ACTIVITY
The answer is to be the lines of the material from its start through the line containing "wall to 72bfc22ce0cdaf91_F0_dwelling_4", each copied exactly; no pictures.

--- DATA SECTION ---

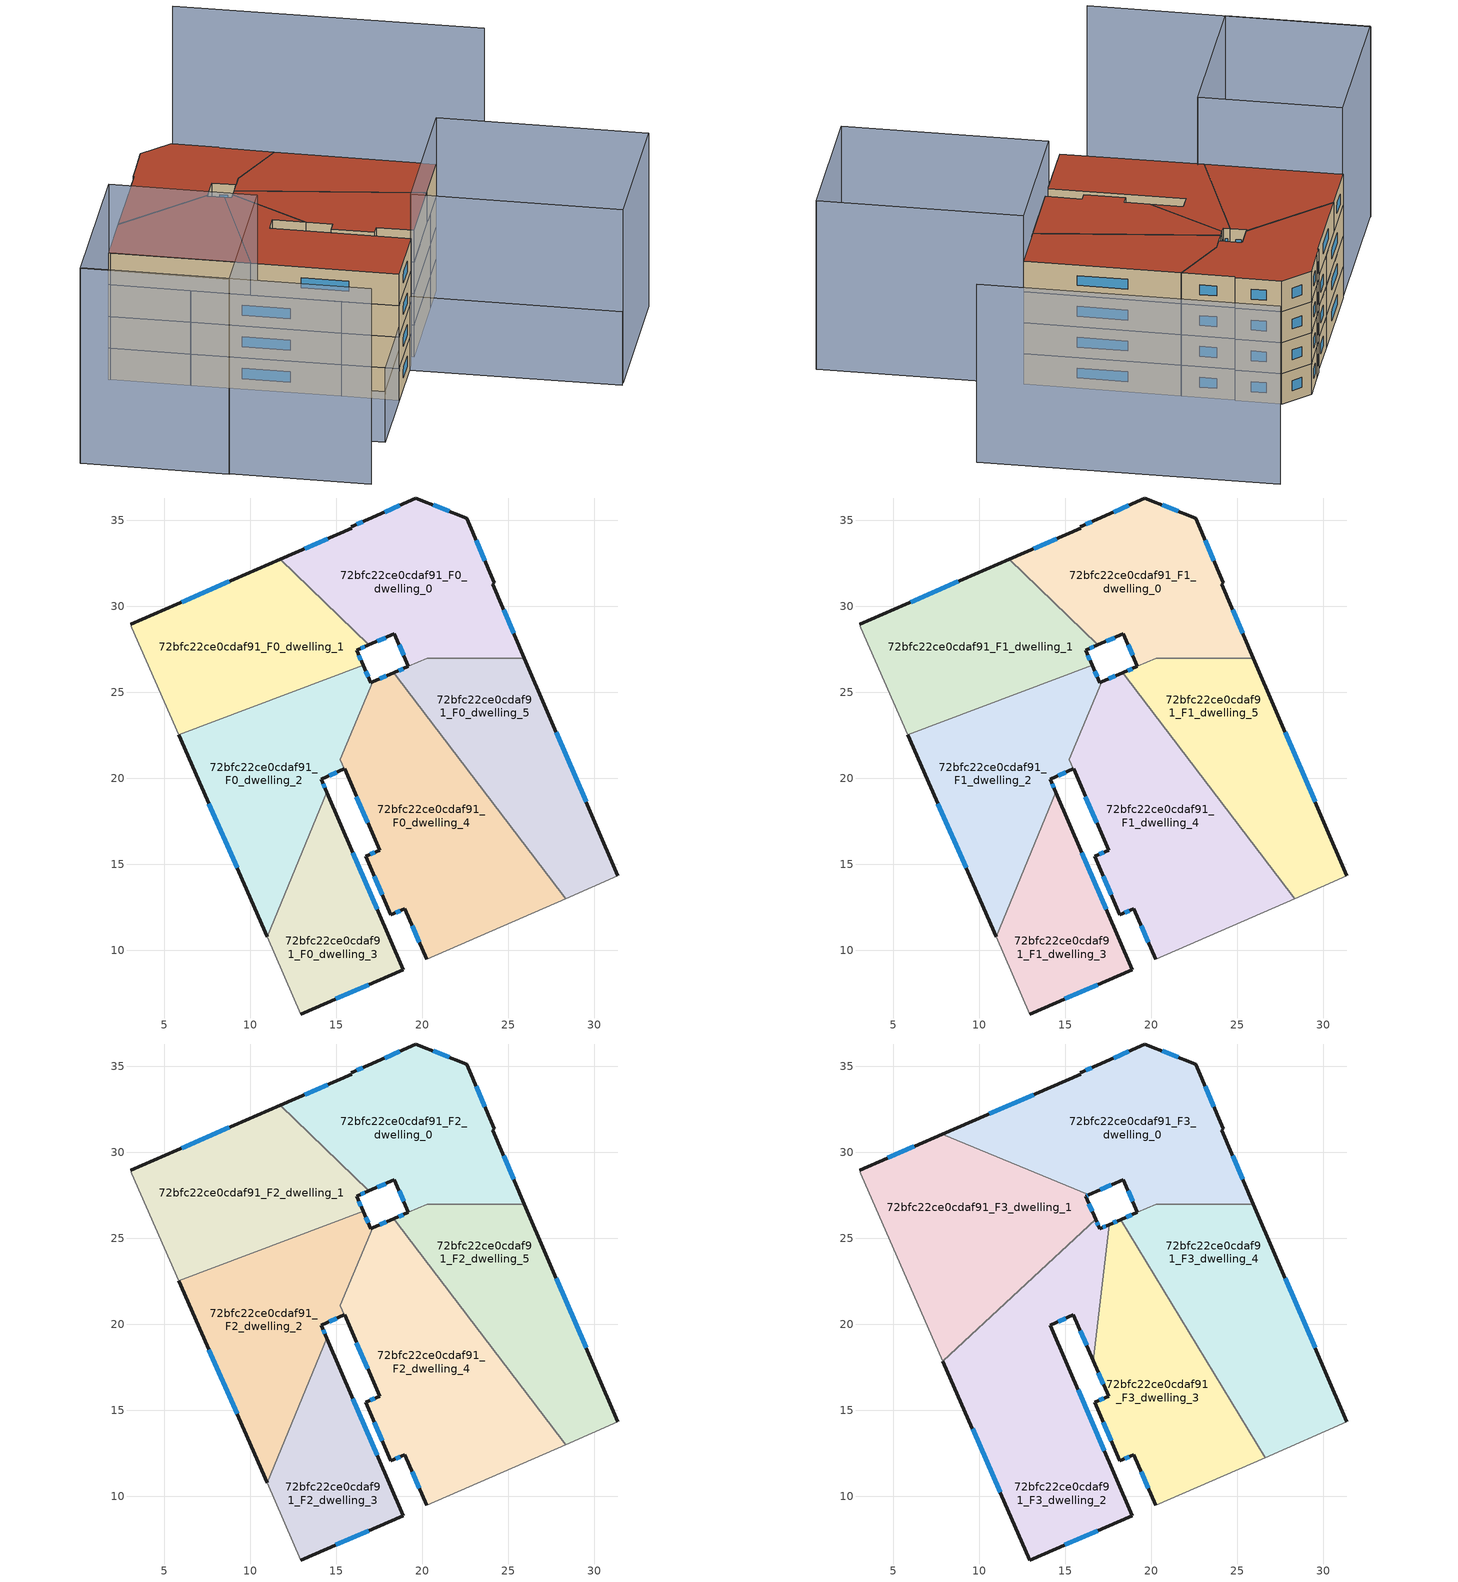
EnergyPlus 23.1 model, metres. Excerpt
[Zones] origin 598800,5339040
72bfc22ce0cdaf91_F0_dwelling_0
 floor ground (EU_floor_Construction): 22.58,35.12 24.17,31.37 24.09,31.28 25.94,26.99 20.28,26.99 19.19,26.51 18.36,28.41 16.88,27.76 11.74,32.74 15.9,34.54 15.85,34.64 16.86,35.07 19.62,36.3 z0
 wall outside (EU_wall_Construction): 16.88,27.76 18.36,28.41 19.19,26.51 / 25.94,26.99 24.09,31.28 24.17,31.37 22.58,35.12 19.62,36.3 16.86,35.07 15.85,34.64 15.9,34.54 11.74,32.74 z0:3
 wall to 72bfc22ce0cdaf91_F0_dwelling_1 (EU_wall_Construction): 11.74,32.74 16.88,27.76 z0:3
 wall to 72bfc22ce0cdaf91_F0_dwelling_5 (EU_wall_Construction): 20.29,26.99 25.94,26.99 / 19.19,26.51 20.28,26.99 z0:3
 window (EU_Window_Construction): 17.38,27.98 17.86,28.19 / 14.48,33.93 13.16,33.36 / 16.52,34.92 16.2,34.78 / 18.68,35.88 17.8,35.49 / 21.57,35.52 20.63,35.9 / 23.63,32.65 23.12,33.85 / 25.31,28.45 24.72,29.82 / 18.64,27.76 18.91,27.16 z1.02:1.98
72bfc22ce0cdaf91_F0_dwelling_1
 floor ground (EU_floor_Construction): 16.88,27.76 16.17,27.46 16.56,26.56 5.83,22.53 3.11,28.76 3.03,28.97 11.74,32.74 z0
 wall outside (EU_wall_Construction): 11.74,32.74 3.03,28.97 / 16.56,26.56 16.17,27.46 16.88,27.76 z0:3
 wall to 72bfc22ce0cdaf91_F0_dwelling_2 (EU_wall_Construction): 5.83,22.53 16.56,26.56 z0:3
 wall adiabatic (EU_wall_Construction): 3.03,28.97 3.11,28.76 5.83,22.53 z0:3
 window (EU_Window_Construction): 8.78,31.46 5.99,30.26 / 16.41,27.56 16.64,27.66 / 16.43,26.87 16.3,27.15 z1.02:1.98
72bfc22ce0cdaf91_F0_dwelling_2
 floor ground (EU_floor_Construction): 16.56,26.56 16.99,25.56 17.11,25.61 15.24,21.09 15.47,20.55 14.11,19.95 14.44,19.18 10.97,10.8 5.83,22.53 z0
 wall outside (EU_wall_Construction): 17.11,25.61 16.99,25.56 16.56,26.56 / 14.44,19.18 14.11,19.95 15.47,20.55 / 5.83,22.53 10.97,10.8 z0:3
 wall to 72bfc22ce0cdaf91_F0_dwelling_3 (EU_wall_Construction): 10.97,10.8 14.44,19.18 z0:3
 wall to 72bfc22ce0cdaf91_F0_dwelling_4 (EU_wall_Construction): 15.24,21.1 17.11,25.61 / 15.47,20.55 15.24,21.09 z0:3
 window (EU_Window_Construction): 14.57,20.16 15.01,20.35 / 14.33,19.45 14.22,19.69 / 7.58,18.54 9.22,14.79 / 16.85,25.9 16.71,26.22 z1.02:1.98
72bfc22ce0cdaf91_F0_dwelling_3
 floor ground (EU_floor_Construction): 14.44,19.18 18.89,8.88 12.94,6.3 10.97,10.8 z0
 wall outside (EU_wall_Construction): 12.94,6.3 18.89,8.88 14.44,19.18 z0:3
 wall adiabatic (EU_wall_Construction): 10.97,10.8 12.94,6.3 z0:3
 window (EU_Window_Construction): 17.38,12.39 15.96,15.68 / 14.96,7.17 16.87,8 z1.02:1.98
72bfc22ce0cdaf91_F0_dwelling_4
 floor ground (EU_floor_Construction): 18.32,26.14 28.33,13 20.25,9.47 18.98,12.43 18.17,12.08 16.7,15.46 17.51,15.81 15.24,21.1 17.11,25.61 z0
 wall outside (EU_wall_Construction): 18.32,26.14 17.11,25.61 / 15.47,20.55 17.51,15.81 16.7,15.46 18.17,12.08 18.98,12.43 20.25,9.47 z0:3
 wall to 72bfc22ce0cdaf91_F0_dwelling_5 (EU_wall_Construction): 28.33,13 18.32,26.14 z0:3
 wall adiabatic (EU_wall_Construction): 20.25,9.47 28.33,13 z0:3
 window (EU_Window_Construction): 17.24,15.69 16.98,15.58 / 17.91,25.96 17.52,25.79 / 19.41,11.42 19.82,10.48 / 18.44,12.2 18.71,12.31 / 17.2,14.31 17.67,13.23 / 16.17,18.94 16.82,17.43 z1.02:1.98
72bfc22ce0cdaf91_F0_dwelling_5
 floor ground (EU_floor_Construction): 25.94,26.99 31.38,14.33 28.33,13 18.32,26.14 20.29,26.99 z0
 wall outside (EU_wall_Construction): 31.38,14.33 25.94,26.99 / 19.18,26.51 18.32,26.14 z0:3
 wall adiabatic (EU_wall_Construction): 28.33,13 31.38,14.33 z0:3
 window (EU_Window_Construction): 29.52,18.64 27.79,22.68 / 18.89,26.38 18.62,26.27 z1.02:1.98
72bfc22ce0cdaf91_F1_dwelling_0
 floor to 72bfc22ce0cdaf91_F0_dwelling_0 (EU_floor_Construction): 22.58,35.12 24.17,31.37 24.09,31.28 25.94,26.99 20.28,26.99 19.19,26.51 18.36,28.41 16.88,27.76 11.74,32.74 15.9,34.54 15.85,34.64 16.86,35.07 19.62,36.3 z3
 wall outside (EU_wall_Construction): 16.88,27.76 18.36,28.41 19.19,26.51 / 25.94,26.99 24.09,31.28 24.17,31.37 22.58,35.12 19.62,36.3 16.86,35.07 15.85,34.64 15.9,34.54 11.74,32.74 z3:6
 wall to 72bfc22ce0cdaf91_F1_dwelling_1 (EU_wall_Construction): 11.74,32.74 16.88,27.76 z3:6
 wall to 72bfc22ce0cdaf91_F1_dwelling_5 (EU_wall_Construction): 20.29,26.99 25.94,26.99 / 19.19,26.51 20.28,26.99 z3:6
 window (EU_Window_Construction): 17.38,27.98 17.86,28.19 / 14.48,33.93 13.16,33.36 / 16.52,34.92 16.2,34.78 / 18.68,35.88 17.8,35.49 / 21.57,35.52 20.63,35.9 / 23.63,32.65 23.12,33.85 / 25.31,28.45 24.72,29.82 / 18.64,27.76 18.91,27.16 z4.02:4.98
72bfc22ce0cdaf91_F1_dwelling_1
 floor to 72bfc22ce0cdaf91_F0_dwelling_1 (EU_floor_Construction): 16.88,27.76 16.17,27.46 16.56,26.56 5.83,22.53 3.11,28.76 3.03,28.97 11.74,32.74 z3
 wall outside (EU_wall_Construction): 11.74,32.74 3.03,28.97 / 16.56,26.56 16.17,27.46 16.88,27.76 z3:6
 wall to 72bfc22ce0cdaf91_F1_dwelling_2 (EU_wall_Construction): 5.83,22.53 16.56,26.56 z3:6
 wall adiabatic (EU_wall_Construction): 3.03,28.97 3.11,28.76 5.83,22.53 z3:6
 window (EU_Window_Construction): 8.78,31.46 5.99,30.26 / 16.41,27.56 16.64,27.66 / 16.43,26.87 16.3,27.15 z4.02:4.98
72bfc22ce0cdaf91_F1_dwelling_2
 floor to 72bfc22ce0cdaf91_F0_dwelling_2 (EU_floor_Construction): 16.56,26.56 16.99,25.56 17.11,25.61 15.24,21.09 15.47,20.55 14.11,19.95 14.44,19.18 10.97,10.8 5.83,22.53 z3
 wall outside (EU_wall_Construction): 17.11,25.61 16.99,25.56 16.56,26.56 / 14.44,19.18 14.11,19.95 15.47,20.55 / 5.83,22.53 10.97,10.8 z3:6
 wall to 72bfc22ce0cdaf91_F1_dwelling_3 (EU_wall_Construction): 10.97,10.8 14.44,19.18 z3:6
 wall to 72bfc22ce0cdaf91_F1_dwelling_4 (EU_wall_Construction): 15.24,21.1 17.11,25.61 / 15.47,20.55 15.24,21.09 z3:6
 window (EU_Window_Construction): 14.57,20.16 15.01,20.35 / 14.33,19.45 14.22,19.69 / 7.58,18.54 9.22,14.79 / 16.85,25.9 16.71,26.22 z4.02:4.98
72bfc22ce0cdaf91_F1_dwelling_3
 floor to 72bfc22ce0cdaf91_F0_dwelling_3 (EU_floor_Construction): 14.44,19.18 18.89,8.88 12.94,6.3 10.97,10.8 z3
 wall outside (EU_wall_Construction): 12.94,6.3 18.89,8.88 14.44,19.18 z3:6
 wall adiabatic (EU_wall_Construction): 10.97,10.8 12.94,6.3 z3:6
 window (EU_Window_Construction): 17.38,12.39 15.96,15.68 / 14.96,7.17 16.87,8 z4.02:4.98
72bfc22ce0cdaf91_F1_dwelling_4
 floor to 72bfc22ce0cdaf91_F0_dwelling_4 (EU_floor_Construction): 18.32,26.14 28.33,13 20.25,9.47 18.98,12.43 18.17,12.08 16.7,15.46 17.51,15.81 15.24,21.1 17.11,25.61 z3
 wall outside (EU_wall_Construction): 18.32,26.14 17.11,25.61 / 15.47,20.55 17.51,15.81 16.7,15.46 18.17,12.08 18.98,12.43 20.25,9.47 z3:6
 wall to 72bfc22ce0cdaf91_F1_dwelling_5 (EU_wall_Construction): 28.33,13 18.32,26.14 z3:6
 wall adiabatic (EU_wall_Construction): 20.25,9.47 28.33,13 z3:6
 window (EU_Window_Construction): 17.24,15.69 16.98,15.58 / 17.91,25.96 17.52,25.79 / 19.41,11.42 19.82,10.48 / 18.44,12.2 18.71,12.31 / 17.2,14.31 17.67,13.23 / 16.17,18.94 16.82,17.43 z4.02:4.98
72bfc22ce0cdaf91_F1_dwelling_5
 floor to 72bfc22ce0cdaf91_F0_dwelling_5 (EU_floor_Construction): 25.94,26.99 31.38,14.33 28.33,13 18.32,26.14 20.29,26.99 z3
 wall outside (EU_wall_Construction): 31.38,14.33 25.94,26.99 / 19.18,26.51 18.32,26.14 z3:6
 wall adiabatic (EU_wall_Construction): 28.33,13 31.38,14.33 z3:6
 window (EU_Window_Construction): 29.52,18.64 27.79,22.68 / 18.89,26.38 18.62,26.27 z4.02:4.98
72bfc22ce0cdaf91_F2_dwelling_0
 floor to 72bfc22ce0cdaf91_F1_dwelling_0 (EU_floor_Construction): 22.58,35.12 24.17,31.37 24.09,31.28 25.94,26.99 20.28,26.99 19.19,26.51 18.36,28.41 16.88,27.76 11.74,32.74 15.9,34.54 15.85,34.64 16.86,35.07 19.62,36.3 z6
 wall outside (EU_wall_Construction): 16.88,27.76 18.36,28.41 19.19,26.51 / 25.94,26.99 24.09,31.28 24.17,31.37 22.58,35.12 19.62,36.3 16.86,35.07 15.85,34.64 15.9,34.54 11.74,32.74 z6:9
 wall to 72bfc22ce0cdaf91_F2_dwelling_1 (EU_wall_Construction): 11.74,32.74 16.88,27.76 z6:9
 wall to 72bfc22ce0cdaf91_F2_dwelling_5 (EU_wall_Construction): 20.29,26.99 25.94,26.99 / 19.19,26.51 20.28,26.99 z6:9
 window (EU_Window_Construction): 17.38,27.98 17.86,28.19 / 14.48,33.93 13.16,33.36 / 16.52,34.92 16.2,34.78 / 18.68,35.88 17.8,35.49 / 21.57,35.52 20.63,35.9 / 23.63,32.65 23.12,33.85 / 25.31,28.45 24.72,29.82 / 18.64,27.76 18.91,27.16 z7.02:7.98
72bfc22ce0cdaf91_F2_dwelling_1
 floor to 72bfc22ce0cdaf91_F1_dwelling_1 (EU_floor_Construction): 16.88,27.76 16.17,27.46 16.56,26.56 5.83,22.53 3.11,28.76 3.03,28.97 11.74,32.74 z6
 wall outside (EU_wall_Construction): 11.74,32.74 3.03,28.97 / 16.56,26.56 16.17,27.46 16.88,27.76 z6:9
 wall to 72bfc22ce0cdaf91_F2_dwelling_2 (EU_wall_Construction): 5.83,22.53 16.56,26.56 z6:9
 wall adiabatic (EU_wall_Construction): 3.03,28.97 3.11,28.76 5.83,22.53 z6:9
 window (EU_Window_Construction): 8.78,31.46 5.99,30.26 / 16.41,27.56 16.64,27.66 / 16.43,26.87 16.3,27.15 z7.02:7.98
72bfc22ce0cdaf91_F2_dwelling_2
 floor to 72bfc22ce0cdaf91_F1_dwelling_2 (EU_floor_Construction): 16.56,26.56 16.99,25.56 17.11,25.61 15.24,21.09 15.47,20.55 14.11,19.95 14.44,19.18 10.97,10.8 5.83,22.53 z6
 wall outside (EU_wall_Construction): 17.11,25.61 16.99,25.56 16.56,26.56 / 14.44,19.18 14.11,19.95 15.47,20.55 / 5.83,22.53 10.97,10.8 z6:9
 wall to 72bfc22ce0cdaf91_F2_dwelling_3 (EU_wall_Construction): 10.97,10.8 14.44,19.18 z6:9
 wall to 72bfc22ce0cdaf91_F2_dwelling_4 (EU_wall_Construction): 15.24,21.1 17.11,25.61 / 15.47,20.55 15.24,21.09 z6:9
 window (EU_Window_Construction): 14.57,20.16 15.01,20.35 / 14.33,19.45 14.22,19.69 / 7.58,18.54 9.22,14.79 / 16.85,25.9 16.71,26.22 z7.02:7.98
72bfc22ce0cdaf91_F2_dwelling_3
 floor to 72bfc22ce0cdaf91_F1_dwelling_3 (EU_floor_Construction): 14.44,19.18 18.89,8.88 12.94,6.3 10.97,10.8 z6
 wall outside (EU_wall_Construction): 12.94,6.3 18.89,8.88 14.44,19.18 z6:9
 wall adiabatic (EU_wall_Construction): 10.97,10.8 12.94,6.3 z6:9
 window (EU_Window_Construction): 17.38,12.39 15.96,15.68 / 14.96,7.17 16.87,8 z7.02:7.98
72bfc22ce0cdaf91_F2_dwelling_4
 floor to 72bfc22ce0cdaf91_F1_dwelling_4 (EU_floor_Construction): 18.32,26.14 28.33,13 20.25,9.47 18.98,12.43 18.17,12.08 16.7,15.46 17.51,15.81 15.24,21.1 17.11,25.61 z6
 wall outside (EU_wall_Construction): 18.32,26.14 17.11,25.61 / 15.47,20.55 17.51,15.81 16.7,15.46 18.17,12.08 18.98,12.43 20.25,9.47 z6:9
 wall to 72bfc22ce0cdaf91_F2_dwelling_5 (EU_wall_Construction): 28.33,13 18.32,26.14 z6:9
 wall adiabatic (EU_wall_Construction): 20.25,9.47 28.33,13 z6:9
 window (EU_Window_Construction): 17.24,15.69 16.98,15.58 / 17.91,25.96 17.52,25.79 / 19.41,11.42 19.82,10.48 / 18.44,12.2 18.71,12.31 / 17.2,14.31 17.67,13.23 / 16.17,18.94 16.82,17.43 z7.02:7.98
72bfc22ce0cdaf91_F2_dwelling_5
 floor to 72bfc22ce0cdaf91_F1_dwelling_5 (EU_floor_Construction): 25.94,26.99 31.38,14.33 28.33,13 18.32,26.14 20.29,26.99 z6
 wall outside (EU_wall_Construction): 31.38,14.33 25.94,26.99 / 19.18,26.51 18.32,26.14 z6:9
 wall adiabatic (EU_wall_Construction): 28.33,13 31.38,14.33 z6:9
 window (EU_Window_Construction): 29.52,18.64 27.79,22.68 / 18.89,26.38 18.62,26.27 z7.02:7.98
72bfc22ce0cdaf91_F3_dwelling_0
 floor to 72bfc22ce0cdaf91_F2_dwelling_0 (EU_floor_Construction): 22.58,35.12 24.17,31.37 24.09,31.28 25.94,26.99 20.28,26.99 19.19,26.51 18.36,28.41 16.88,27.76 11.75,32.74 15.9,34.54 15.85,34.64 16.86,35.07 19.62,36.3 z9
 floor to 72bfc22ce0cdaf91_F2_dwelling_1 (EU_floor_Construction): 16.88,27.76 16.35,27.54 7.84,31.05 11.75,32.74 z9
 wall outside (EU_wall_Construction): 16.35,27.54 18.36,28.41 19.19,26.51 / 25.94,26.99 24.09,31.28 24.17,31.37 22.58,35.12 19.62,36.3 16.86,35.07 15.85,34.64 15.9,34.54 7.84,31.05 z9:12
 wall to 72bfc22ce0cdaf91_F3_dwelling_1 (EU_wall_Construction): 7.84,31.05 16.35,27.54 z9:12
 wall to 72bfc22ce0cdaf91_F3_dwelling_4 (EU_wall_Construction): 20.29,26.99 25.94,26.99 / 19.19,26.51 20.28,26.99 z9:12
 window (EU_Window_Construction): 17.03,27.83 17.68,28.11 / 13.15,33.35 10.58,32.24 / 16.52,34.92 16.2,34.78 / 18.68,35.88 17.8,35.49 / 21.57,35.52 20.63,35.9 / 23.63,32.65 23.12,33.85 / 25.31,28.45 24.72,29.82 / 18.64,27.76 18.91,27.16 z10.02:10.98
 roof outside (EU_roof_Construction): 25.94,26.99 24.09,31.28 24.17,31.37 22.58,35.12 19.62,36.3 16.86,35.07 15.85,34.64 15.9,34.54 7.84,31.05 16.35,27.54 18.36,28.41 19.19,26.51 20.28,26.99 z12
72bfc22ce0cdaf91_F3_dwelling_1
 floor to 72bfc22ce0cdaf91_F2_dwelling_1 (EU_floor_Construction): 16.35,27.54 16.17,27.46 16.56,26.56 5.83,22.53 3.11,28.76 3.03,28.97 7.84,31.05 z9
 floor to 72bfc22ce0cdaf91_F2_dwelling_2 (EU_floor_Construction): 16.56,26.56 16.75,26.12 7.88,17.86 5.83,22.53 z9
 wall outside (EU_wall_Construction): 7.84,31.05 3.03,28.97 / 16.75,26.12 16.17,27.46 16.35,27.54 z9:12
 wall to 72bfc22ce0cdaf91_F3_dwelling_2 (EU_wall_Construction): 7.88,17.86 16.75,26.12 z9:12
 wall adiabatic (EU_wall_Construction): 3.03,28.97 3.11,28.76 7.88,17.86 z9:12
 window (EU_Window_Construction): 6.2,30.35 4.67,29.68 / 16.23,27.49 16.29,27.51 / 16.55,26.58 16.37,27 z10.02:10.98
 roof outside (EU_roof_Construction): 16.75,26.12 16.17,27.46 16.35,27.54 7.84,31.05 3.03,28.97 3.11,28.76 7.88,17.86 z12
72bfc22ce0cdaf91_F3_dwelling_2
 floor to 72bfc22ce0cdaf91_F2_dwelling_2 (EU_floor_Construction): 16.75,26.12 16.99,25.56 17.11,25.61 15.24,21.09 15.47,20.55 14.11,19.95 14.44,19.18 10.97,10.8 7.88,17.86 z9
 floor to 72bfc22ce0cdaf91_F2_dwelling_3 (EU_floor_Construction): 14.44,19.18 18.89,8.88 12.94,6.3 10.97,10.8 z9
 floor to 72bfc22ce0cdaf91_F2_dwelling_4 (EU_floor_Construction): 17.54,25.8 16.62,17.89 15.24,21.1 17.11,25.61 z9
 wall outside (EU_wall_Construction): 7.88,17.86 12.94,6.3 18.89,8.88 14.11,19.95 15.47,20.55 16.62,17.88 / 17.54,25.8 16.99,25.56 16.75,26.12 z9:12
 wall to 72bfc22ce0cdaf91_F3_dwelling_3 (EU_wall_Construction): 16.62,17.88 17.54,25.8 z9:12
 window (EU_Window_Construction): 9.6,13.92 11.22,10.23 / 16.91,25.75 16.83,25.93 / 17.35,25.72 17.18,25.64 / 15.86,19.64 16.23,18.79 / 14.57,20.16 15.01,20.35 / 17.27,12.65 15.74,16.19 / 14.96,7.17 16.87,8 z10.02:10.98
 roof outside (EU_roof_Construction): 18.89,8.88 14.11,19.95 15.47,20.55 16.62,17.88 17.54,25.8 16.99,25.56 16.75,26.12 7.88,17.86 12.94,6.3 z12
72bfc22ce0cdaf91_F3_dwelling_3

---

ANSWER SECTION
EnergyPlus 23.1 model, metres. Excerpt
[Zones] origin 598800,5339040
72bfc22ce0cdaf91_F0_dwelling_0
 floor ground (EU_floor_Construction): 22.58,35.12 24.17,31.37 24.09,31.28 25.94,26.99 20.28,26.99 19.19,26.51 18.36,28.41 16.88,27.76 11.74,32.74 15.9,34.54 15.85,34.64 16.86,35.07 19.62,36.3 z0
 wall outside (EU_wall_Construction): 16.88,27.76 18.36,28.41 19.19,26.51 / 25.94,26.99 24.09,31.28 24.17,31.37 22.58,35.12 19.62,36.3 16.86,35.07 15.85,34.64 15.9,34.54 11.74,32.74 z0:3
 wall to 72bfc22ce0cdaf91_F0_dwelling_1 (EU_wall_Construction): 11.74,32.74 16.88,27.76 z0:3
 wall to 72bfc22ce0cdaf91_F0_dwelling_5 (EU_wall_Construction): 20.29,26.99 25.94,26.99 / 19.19,26.51 20.28,26.99 z0:3
 window (EU_Window_Construction): 17.38,27.98 17.86,28.19 / 14.48,33.93 13.16,33.36 / 16.52,34.92 16.2,34.78 / 18.68,35.88 17.8,35.49 / 21.57,35.52 20.63,35.9 / 23.63,32.65 23.12,33.85 / 25.31,28.45 24.72,29.82 / 18.64,27.76 18.91,27.16 z1.02:1.98
72bfc22ce0cdaf91_F0_dwelling_1
 floor ground (EU_floor_Construction): 16.88,27.76 16.17,27.46 16.56,26.56 5.83,22.53 3.11,28.76 3.03,28.97 11.74,32.74 z0
 wall outside (EU_wall_Construction): 11.74,32.74 3.03,28.97 / 16.56,26.56 16.17,27.46 16.88,27.76 z0:3
 wall to 72bfc22ce0cdaf91_F0_dwelling_2 (EU_wall_Construction): 5.83,22.53 16.56,26.56 z0:3
 wall adiabatic (EU_wall_Construction): 3.03,28.97 3.11,28.76 5.83,22.53 z0:3
 window (EU_Window_Construction): 8.78,31.46 5.99,30.26 / 16.41,27.56 16.64,27.66 / 16.43,26.87 16.3,27.15 z1.02:1.98
72bfc22ce0cdaf91_F0_dwelling_2
 floor ground (EU_floor_Construction): 16.56,26.56 16.99,25.56 17.11,25.61 15.24,21.09 15.47,20.55 14.11,19.95 14.44,19.18 10.97,10.8 5.83,22.53 z0
 wall outside (EU_wall_Construction): 17.11,25.61 16.99,25.56 16.56,26.56 / 14.44,19.18 14.11,19.95 15.47,20.55 / 5.83,22.53 10.97,10.8 z0:3
 wall to 72bfc22ce0cdaf91_F0_dwelling_3 (EU_wall_Construction): 10.97,10.8 14.44,19.18 z0:3
 wall to 72bfc22ce0cdaf91_F0_dwelling_4 (EU_wall_Construction): 15.24,21.1 17.11,25.61 / 15.47,20.55 15.24,21.09 z0:3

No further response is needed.